→ Exercise aim:
Count each line below that has the word "ezdxf" in it, and give only the total.

#####

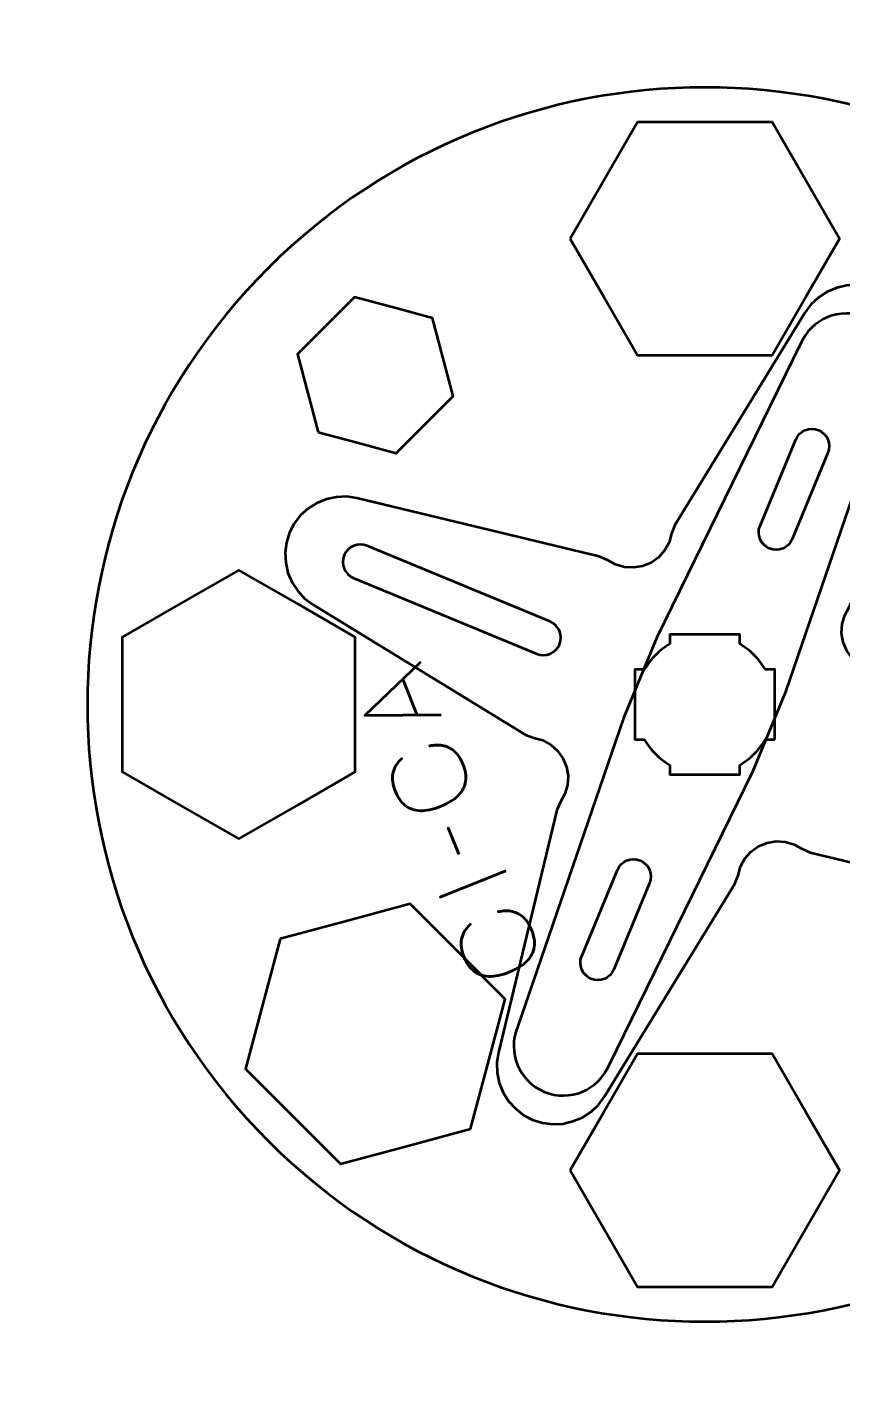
# Model space of a CAD drawing. Header units: centimetres. Extents: x -22.2 to 28.4, y -19.5 to -10.2.
# Drawn here: x 16.59 to 20.09, y -17.76 to -11.94 of the extents above; entities that cross this region are included whole.
import ezdxf

# ---------------------------------------------------------------- set-up
doc = ezdxf.new("R2010")
doc.units = ezdxf.units.CM
doc.header["$MEASUREMENT"] = 0
doc.layers.add('Layer 1', color=7, linetype='Continuous')

msp = doc.modelspace()

# ---------------------------------------------------------------- linework, layer by layer
at = {"layer": 'Layer 1', "lineweight": 53}
for points, knots in [([(17.62617, -12.97616), (18.66087, -11.94146), (20.33911, -11.94146), (21.37384, -12.97619), (21.37384, -12.97619), (22.40854, -14.01089), (22.40854, -15.68913), (21.37384, -16.72383), (21.37384, -16.72383), (20.33911, -17.75855), (18.66087, -17.75855), (17.62617, -16.72385), (17.62617, -16.72385), (16.59144, -15.68913), (16.59144, -14.01089), (17.62617, -12.97616)], [0, 0, 0, 0, 0.25, 0.25, 0.25, 0.25, 0.5, 0.5, 0.5, 0.5, 0.75, 0.75, 0.75, 0.75, 1, 1, 1, 1]), ([(18.92264, -12.85001), (18.92264, -12.85001), (19.06698, -12.60001), (19.06698, -12.60001), (19.06698, -12.60001), (19.06698, -12.60001), (19.21132, -12.35001), (19.21132, -12.35001), (19.21132, -12.35001), (19.21132, -12.35001), (19.49999, -12.35001), (19.49999, -12.35001), (19.49999, -12.35001), (19.49999, -12.35001), (19.78866, -12.35001), (19.78866, -12.35001), (19.78866, -12.35001), (19.78866, -12.35001), (19.933, -12.60001), (19.933, -12.60001), (19.933, -12.60001), (19.933, -12.60001), (20.07734, -12.85001), (20.07734, -12.85001), (20.07734, -12.85001), (20.07734, -12.85001), (19.933, -13.10001), (19.933, -13.10001), (19.933, -13.10001), (19.933, -13.10001), (19.78866, -13.35001), (19.78866, -13.35001), (19.78866, -13.35001), (19.78866, -13.35001), (19.49999, -13.35001), (19.49999, -13.35001), (19.49999, -13.35001), (19.49999, -13.35001), (19.21132, -13.35001), (19.21132, -13.35001), (19.21132, -13.35001), (19.21132, -13.35001), (19.06698, -13.10001), (19.06698, -13.10001), (19.06698, -13.10001), (19.06698, -13.10001), (18.92264, -12.85001), (18.92264, -12.85001)], [0, 0, 0, 0, 0.0833333, 0.0833333, 0.0833333, 0.0833333, 0.1666667, 0.1666667, 0.1666667, 0.1666667, 0.25, 0.25, 0.25, 0.25, 0.3333333, 0.3333333, 0.3333333, 0.3333333, 0.4166667, 0.4166667, 0.4166667, 0.4166667, 0.5, 0.5, 0.5, 0.5, 0.5833333, 0.5833333, 0.5833333, 0.5833333, 0.6666667, 0.6666667, 0.6666667, 0.6666667, 0.75, 0.75, 0.75, 0.75, 0.8333333, 0.8333333, 0.8333333, 0.8333333, 0.9166667, 0.9166667, 0.9166667, 0.9166667, 1, 1, 1, 1]), ([(17.84083, -13.68075), (17.84083, -13.68075), (17.796, -13.51345), (17.796, -13.51345), (17.796, -13.51345), (17.796, -13.51345), (17.75117, -13.34614), (17.75117, -13.34614), (17.75117, -13.34614), (17.75117, -13.34614), (17.87365, -13.22367), (17.87365, -13.22367), (17.87365, -13.22367), (17.87365, -13.22367), (17.99612, -13.10119), (17.99612, -13.10119), (17.99612, -13.10119), (17.99612, -13.10119), (18.16343, -13.14602), (18.16343, -13.14602), (18.16343, -13.14602), (18.16343, -13.14602), (18.33073, -13.19085), (18.33073, -13.19085), (18.33073, -13.19085), (18.33073, -13.19085), (18.37556, -13.35815), (18.37556, -13.35815), (18.37556, -13.35815), (18.37556, -13.35815), (18.42039, -13.52546), (18.42039, -13.52546), (18.42039, -13.52546), (18.42039, -13.52546), (18.29791, -13.64793), (18.29791, -13.64793), (18.29791, -13.64793), (18.29791, -13.64793), (18.17544, -13.77041), (18.17544, -13.77041), (18.17544, -13.77041), (18.17544, -13.77041), (18.00813, -13.72558), (18.00813, -13.72558), (18.00813, -13.72558), (18.00813, -13.72558), (17.84083, -13.68075), (17.84083, -13.68075)], [0, 0, 0, 0, 0.0833333, 0.0833333, 0.0833333, 0.0833333, 0.1666667, 0.1666667, 0.1666667, 0.1666667, 0.25, 0.25, 0.25, 0.25, 0.3333333, 0.3333333, 0.3333333, 0.3333333, 0.4166667, 0.4166667, 0.4166667, 0.4166667, 0.5, 0.5, 0.5, 0.5, 0.5833333, 0.5833333, 0.5833333, 0.5833333, 0.6666667, 0.6666667, 0.6666667, 0.6666667, 0.75, 0.75, 0.75, 0.75, 0.8333333, 0.8333333, 0.8333333, 0.8333333, 0.9166667, 0.9166667, 0.9166667, 0.9166667, 1, 1, 1, 1]), ([(19.73684, -14.0822), (19.72099, -14.12046), (19.73917, -14.16435), (19.77743, -14.18019), (19.77743, -14.18019), (19.81568, -14.19604), (19.85957, -14.17786), (19.87542, -14.1396), (19.87542, -14.1396), (19.87542, -14.1396), (20.02849, -13.77005), (20.02849, -13.77005), (20.02849, -13.77005), (20.04434, -13.73179), (20.02616, -13.68791), (19.9879, -13.67206), (19.9879, -13.67206), (19.94964, -13.65621), (19.90576, -13.67439), (19.88991, -13.71265), (19.88991, -13.71265), (19.88991, -13.71265), (19.73684, -14.0822), (19.73684, -14.0822)], [0, 0, 0, 0, 0.1666667, 0.1666667, 0.1666667, 0.1666667, 0.3333333, 0.3333333, 0.3333333, 0.3333333, 0.5, 0.5, 0.5, 0.5, 0.6666667, 0.6666667, 0.6666667, 0.6666667, 0.8333333, 0.8333333, 0.8333333, 0.8333333, 1, 1, 1, 1]), ([(18.83577, -14.49369), (18.87402, -14.50954), (18.8922, -14.55342), (18.87636, -14.59168), (18.87636, -14.59168), (18.86051, -14.62994), (18.81662, -14.64812), (18.77836, -14.63227), (18.77836, -14.63227), (18.77836, -14.63227), (17.99307, -14.30699), (17.99307, -14.30699), (17.99307, -14.30699), (17.95481, -14.29114), (17.93663, -14.24726), (17.95248, -14.209), (17.95248, -14.209), (17.96832, -14.17074), (18.01221, -14.15256), (18.05047, -14.16841), (18.05047, -14.16841), (18.05047, -14.16841), (18.83577, -14.49369), (18.83577, -14.49369)], [0, 0, 0, 0, 0.1666667, 0.1666667, 0.1666667, 0.1666667, 0.3333333, 0.3333333, 0.3333333, 0.3333333, 0.5, 0.5, 0.5, 0.5, 0.6666667, 0.6666667, 0.6666667, 0.6666667, 0.8333333, 0.8333333, 0.8333333, 0.8333333, 1, 1, 1, 1]), ([(17.49999, -15.42736), (17.49999, -15.42736), (17.24999, -15.28302), (17.24999, -15.28302), (17.24999, -15.28302), (17.24999, -15.28302), (16.99999, -15.13868), (16.99999, -15.13868), (16.99999, -15.13868), (16.99999, -15.13868), (16.99999, -14.85001), (16.99999, -14.85001), (16.99999, -14.85001), (16.99999, -14.85001), (16.99999, -14.56134), (16.99999, -14.56134), (16.99999, -14.56134), (16.99999, -14.56134), (17.24999, -14.417), (17.24999, -14.417), (17.24999, -14.417), (17.24999, -14.417), (17.49999, -14.27266), (17.49999, -14.27266), (17.49999, -14.27266), (17.49999, -14.27266), (17.74999, -14.417), (17.74999, -14.417), (17.74999, -14.417), (17.74999, -14.417), (17.99999, -14.56134), (17.99999, -14.56134), (17.99999, -14.56134), (17.99999, -14.56134), (17.99999, -14.85001), (17.99999, -14.85001), (17.99999, -14.85001), (17.99999, -14.85001), (17.99999, -15.13868), (17.99999, -15.13868), (17.99999, -15.13868), (17.99999, -15.13868), (17.74999, -15.28302), (17.74999, -15.28302), (17.74999, -15.28302), (17.74999, -15.28302), (17.49999, -15.42736), (17.49999, -15.42736)], [0, 0, 0, 0, 0.0833333, 0.0833333, 0.0833333, 0.0833333, 0.1666667, 0.1666667, 0.1666667, 0.1666667, 0.25, 0.25, 0.25, 0.25, 0.3333333, 0.3333333, 0.3333333, 0.3333333, 0.4166667, 0.4166667, 0.4166667, 0.4166667, 0.5, 0.5, 0.5, 0.5, 0.5833333, 0.5833333, 0.5833333, 0.5833333, 0.6666667, 0.6666667, 0.6666667, 0.6666667, 0.75, 0.75, 0.75, 0.75, 0.8333333, 0.8333333, 0.8333333, 0.8333333, 0.9166667, 0.9166667, 0.9166667, 0.9166667, 1, 1, 1, 1]), ([(19.79996, -15.00004), (19.79996, -15.00004), (19.75976, -15.00004), (19.75976, -15.00004), (19.75976, -15.00004), (19.73343, -15.04556), (19.69547, -15.08349), (19.64996, -15.10982), (19.64996, -15.10982), (19.64996, -15.10982), (19.64996, -15.15004), (19.64996, -15.15004), (19.64996, -15.15004), (19.64996, -15.15004), (19.34996, -15.15004), (19.34996, -15.15004), (19.34996, -15.15004), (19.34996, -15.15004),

#####

→ Exercise response:
3